# Can't set up wifi



## ZCXU (Mar 23, 2017)

The command "pciconf -lv | grep -B3 network" outputs two things. One being my Ethernet device and the other my Qualcomm Atheros device.

Qualcomm Atheros:

Device: QCA9377 802.11ac Wireless Network Adapter 
Class: network 

ifconfig doesn't seem to detect my wireless device.

What can I do to have a working wifi connection?

Thanks


----------



## Phishfry (Mar 23, 2017)

That chipset is pretty new. I would be surprised if it worked. FreeBSD does not have 802.11ac support yet.
https://forums.freebsd.org/threads/59187/


----------



## ZCXU (Mar 23, 2017)

Phishfry said:


> That chipset is pretty new.

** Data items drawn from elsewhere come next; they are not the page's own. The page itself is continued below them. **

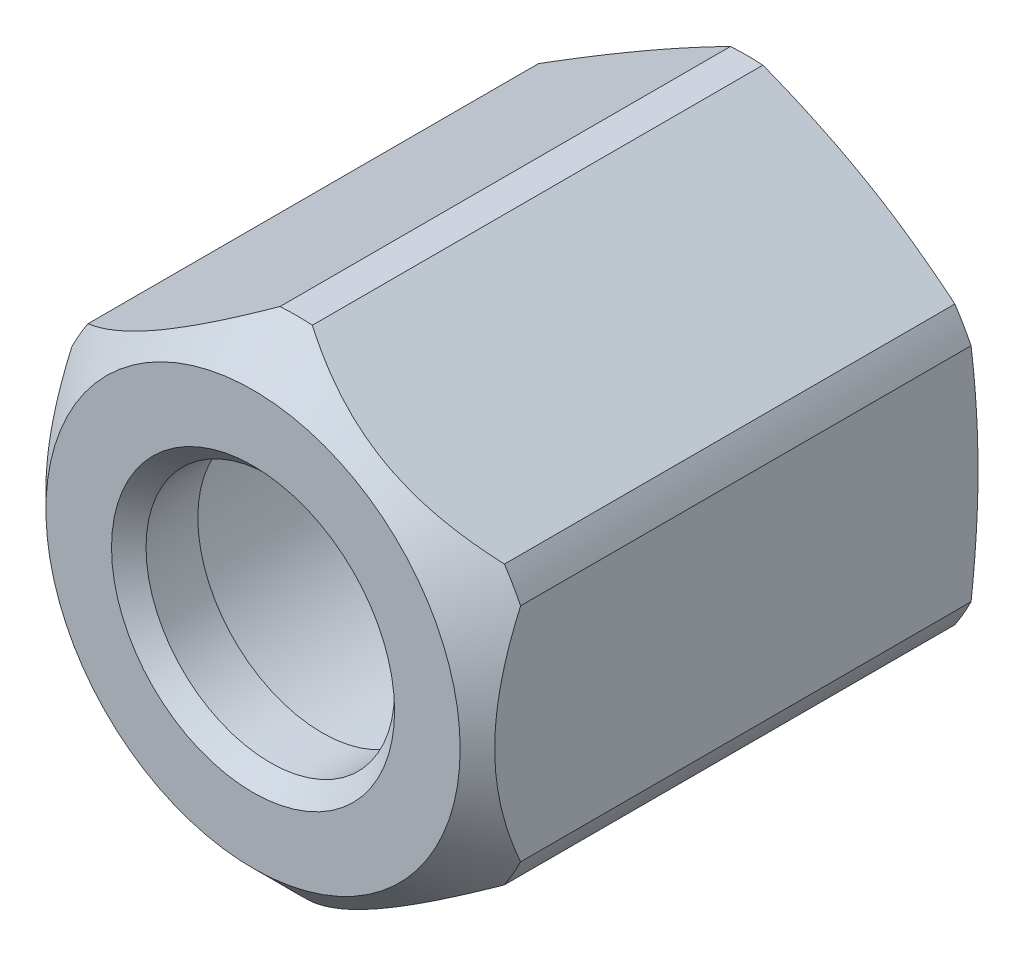
SolidWorks part; units mm, degrees
ref_plane "Ebene vorne" through (0, 0, 0) normal (0, 0, 1) x (1, 0, 0)
ref_plane "Ebene oben" through (0, 0, 0) normal (0, 1, 0) x (1, 0, 0)
ref_plane "Ebene rechts" through (0, 0, 0) normal (1, 0, 0) x (0, 0, -1)
sketch "Skizze1" plane through (0, 0, 0) normal (1, 0, 0) x (0, 0, -1)
  line L0 (0, 4.1) -> (0.5, 3.6)
  line L1 (0.5, 3.6) -> (2, 3.6)
  line L2 (2, 3.6) -> (2, 4.9)
  line L3 (2, 4.9) -> (10.8, 4.9)
  line L4 (10.8, 4.9) -> (10.8, 4.4585)
  line L5 (10.8, 4.4585) -> (13.9585, 4.4585)
  line L6 (13.9585, 4.4585) -> (14.5, 5)
  line L7 (14.5, 5) -> (14.5, 6.5)
  line L8 (14.5, 6.5) -> (14.299, 7.25)
  line L9 (14.299, 7.25) -> (1.25, 7.25)
  line L10 (1.25, 7.25) -> (0, 6)
  line L11 (0, 6) -> (0, 4.1)
  line L12 (14.5, 0) -> (0, 0) construction
revolve "Rotation1" add sketch "Skizze1" angle 360 about L12 reverse direction yes
cosmetic thread "Gewindedarstellung1" parameters "D1"=3.7, "D2"=10
sketch "Skizze2" plane through (0, 0, 0) normal (0, 0, 1) x (1, 0, 0)
  line L0 (-34.75, -33.8333) -> (32.5833, -33.8333)
  line L1 (32.5833, -33.8333) -> (32.5833, 34.1667)
  line L2 (32.5833, 34.1667) -> (-34.75, 34.1667)
  line L3 (-34.75, 34.1667) -> (-34.75, -33.8333)
  line L4 (-6.5, -3.7528) -> (0, -7.5056)
  line L5 (0, -7.5056) -> (6.5, -3.7528)
  line L6 (6.5, -3.7528) -> (6.5, 3.7528)
  line L7 (6.5, 3.7528) -> (0, 7.5056)
  line L8 (0, 7.5056) -> (-6.5, 3.7528)
  line L9 (-6.5, 3.7528) -> (-6.5, -3.7528)
extrude "Schnitt-Linear austragen1" cut sketch "Skizze2" along normal blind 30 and the other way blind 30
ref_plane "Ebene1" through (0, 0, -21.9) normal (0, 0, 1) x (1, 0, 0)
ref_plane "Ebene2" through (0, 0, -17.5) normal (0, 0, 1) x (1, 0, 0)
ref_plane "Ebene3" through (0, 0, -2) normal (0, 0, 1) x (1, 0, 0)
ref_plane "Ebene4" through (0, 0, -10.4) normal (0, 0, 1) x (1, 0, 0)
ref_plane "Ebene5" through (0, 0, 9.1) normal (0, 0, 1) x (1, 0, 0)
ref_plane "MUTTER XY" through (0, 0, 9.1) normal (0, 0, 1) x (1, 0, 0)
ref_plane "MUTTER XZ" through (0, 0, 0) normal (0, -1, 0) x (-1, 0, 0)
ref_plane "MUTTER YZ" through (0, 0, 0) normal (1, 0, 0) x (0, 0, -1)
ref_axis "MUTTER X" through (-80.9, 0, 9.1) along (1, 0, 0)
ref_axis "MUTTER Y" through (0, -50, 9.1) along (0, 1, 0)
ref_axis "MUTTER Z" through (0, 0, 80.9) along (0, 0, -1)
sketch3d "MUTTER"
  point P0 (0, 0, 9.1)
ref_plane "TO_DUMMY XY" through (0, 0, 0) normal (0, 1, 0) x (1, 0, 0)
ref_plane "TO_DUMMY XZ" through (0, 0, 0) normal (0, 0, 1) x (1, 0, 0)
ref_plane "TO_DUMMY YZ" through (0, 0, 0) normal (1, 0, 0) x (0, 0, -1)
ref_axis "TO_DUMMY X" through (-80.9, 0, 0) along (1, 0, 0)
ref_axis "TO_DUMMY Y" through (0, 0, 50) along (0, 0, -1)
ref_axis "TO_DUMMY Z" through (0, 50, 0) along (0, -1, 0)
sketch3d "TO_DUMMY"
  point P0 (0, 0, 0)
ref_plane "gehaeuse XY" through (0, 0, 0) normal (1, 0, 0) x (0, 0, -1)
ref_plane "gehaeuse XZ" through (0, 0, 0) normal (0, -1, 0) x (-1, 0, 0)
ref_plane "gehaeuse YZ" through (0, 0, -6.2) normal (0, 0, -1) x (-1, 0, 0)
ref_axis "gehaeuse X" through (0, 0, 80.9) along (0, 0, -1)
ref_axis "gehaeuse Y" through (0, -50, -6.2) along (0, 1, 0)
ref_axis "gehaeuse Z" through (80.9, 0, -6.2) along (-1, 0, 0)
sketch3d "gehaeuse"
  point P0 (0, 0, -6.2)
ref_plane "punkt_1_kugel XY" through (0, 0, -2) normal (0, 0, 1) x (1, 0, 0)
ref_plane "punkt_1_kugel XZ" through (0, 0, 0) normal (0, -1, 0) x (-1, 0, 0)
ref_plane "punkt_1_kugel YZ" through (0, 0, 0) normal (1, 0, 0) x (0, 0, -1)
ref_axis "punkt_1_kugel X" through (-80.9, 0, -2) along (1, 0, 0)
ref_axis "punkt_1_kugel Y" through (0, -50, -2) along (0, 1, 0)
ref_axis "punkt_1_kugel Z" through (0, 0, 80.9) along (0, 0, -1)
sketch3d "punkt_1_kugel"
  point P0 (0, 0, -2)
ref_plane "punkt_2_kugel XY" through (0, 0, -10.4) normal (0, 0, 1) x (1, 0, 0)
ref_plane "punkt_2_kugel XZ" through (0, 0, 0) normal (0, -1, 0) x (-1, 0, 0)
ref_plane "punkt_2_kugel YZ" through (0, 0, 0) normal (1, 0, 0) x (0, 0, -1)
ref_axis "punkt_2_kugel X" through (-80.9, 0, -10.4) along (1, 0, 0)
ref_axis "punkt_2_kugel Y" through (0, -50, -10.4) along (0, 1, 0)
ref_axis "punkt_2_kugel Z" through (0, 0, 80.9) along (0, 0, -1)
sketch3d "punkt_2_kugel"
  point P0 (0, 0, -10.4)
ref_plane "punkt_buchse XY" through (0, 0, -21.9) normal (0, 0, 1) x (1, 0, 0)
ref_plane "punkt_buchse XZ" through (0, 0, 0) normal (0, -1, 0) x (-1, 0, 0)
ref_plane "punkt_buchse YZ" through (0, 0, 0) normal (1, 0, 0) x (0, 0, -1)
ref_axis "punkt_buchse X" through (-80.9, 0, -21.9) along (1, 0, 0)
ref_axis "punkt_buchse Y" through (0, -50, -21.9) along (0, 1, 0)
ref_axis "punkt_buchse Z" through (0, 0, 80.9) along (0, 0, -1)
sketch3d "punkt_buchse"
  point P0 (0, 0, -21.9)
ref_plane "punkt_mutter XY" through (0, 0, -17.5) normal (0, 0, 1) x (1, 0, 0)
ref_plane "punkt_mutter XZ" through (0, 0, 0) normal (0, -1, 0) x (-1, 0, 0)
ref_plane "punkt_mutter YZ" through (0, 0, 0) normal (1, 0, 0) x (0, 0, -1)
ref_axis "punkt_mutter X" through (-80.9, 0, -17.5) along (1, 0, 0)
ref_axis "punkt_mutter Y" through (0, -50, -17.5) along (0, 1, 0)
ref_axis "punkt_mutter Z" through (0, 0, 80.9) along (0, 0, -1)
sketch3d "punkt_mutter"
  point P0 (0, 0, -17.5)

I would be surprised if it worked. FreeBSD does not have 802.11ac support yet.
> https://forums.freebsd.org/threads/59187/


Okay fair enough. I've noticed that I cannot ping www.google.com but I can ping 8.8.8.8 on my Ethernet connection.

Also, when do you think FreeBSD will support my chipset?


----------



## balanga (Mar 24, 2017)

ZCXU said:


> Okay fair enough. I've noticed that I cannot ping www.google.com but I can ping 8.8.8.8 on my Ethernet connection.



Check

/etc/resolv.conf


----------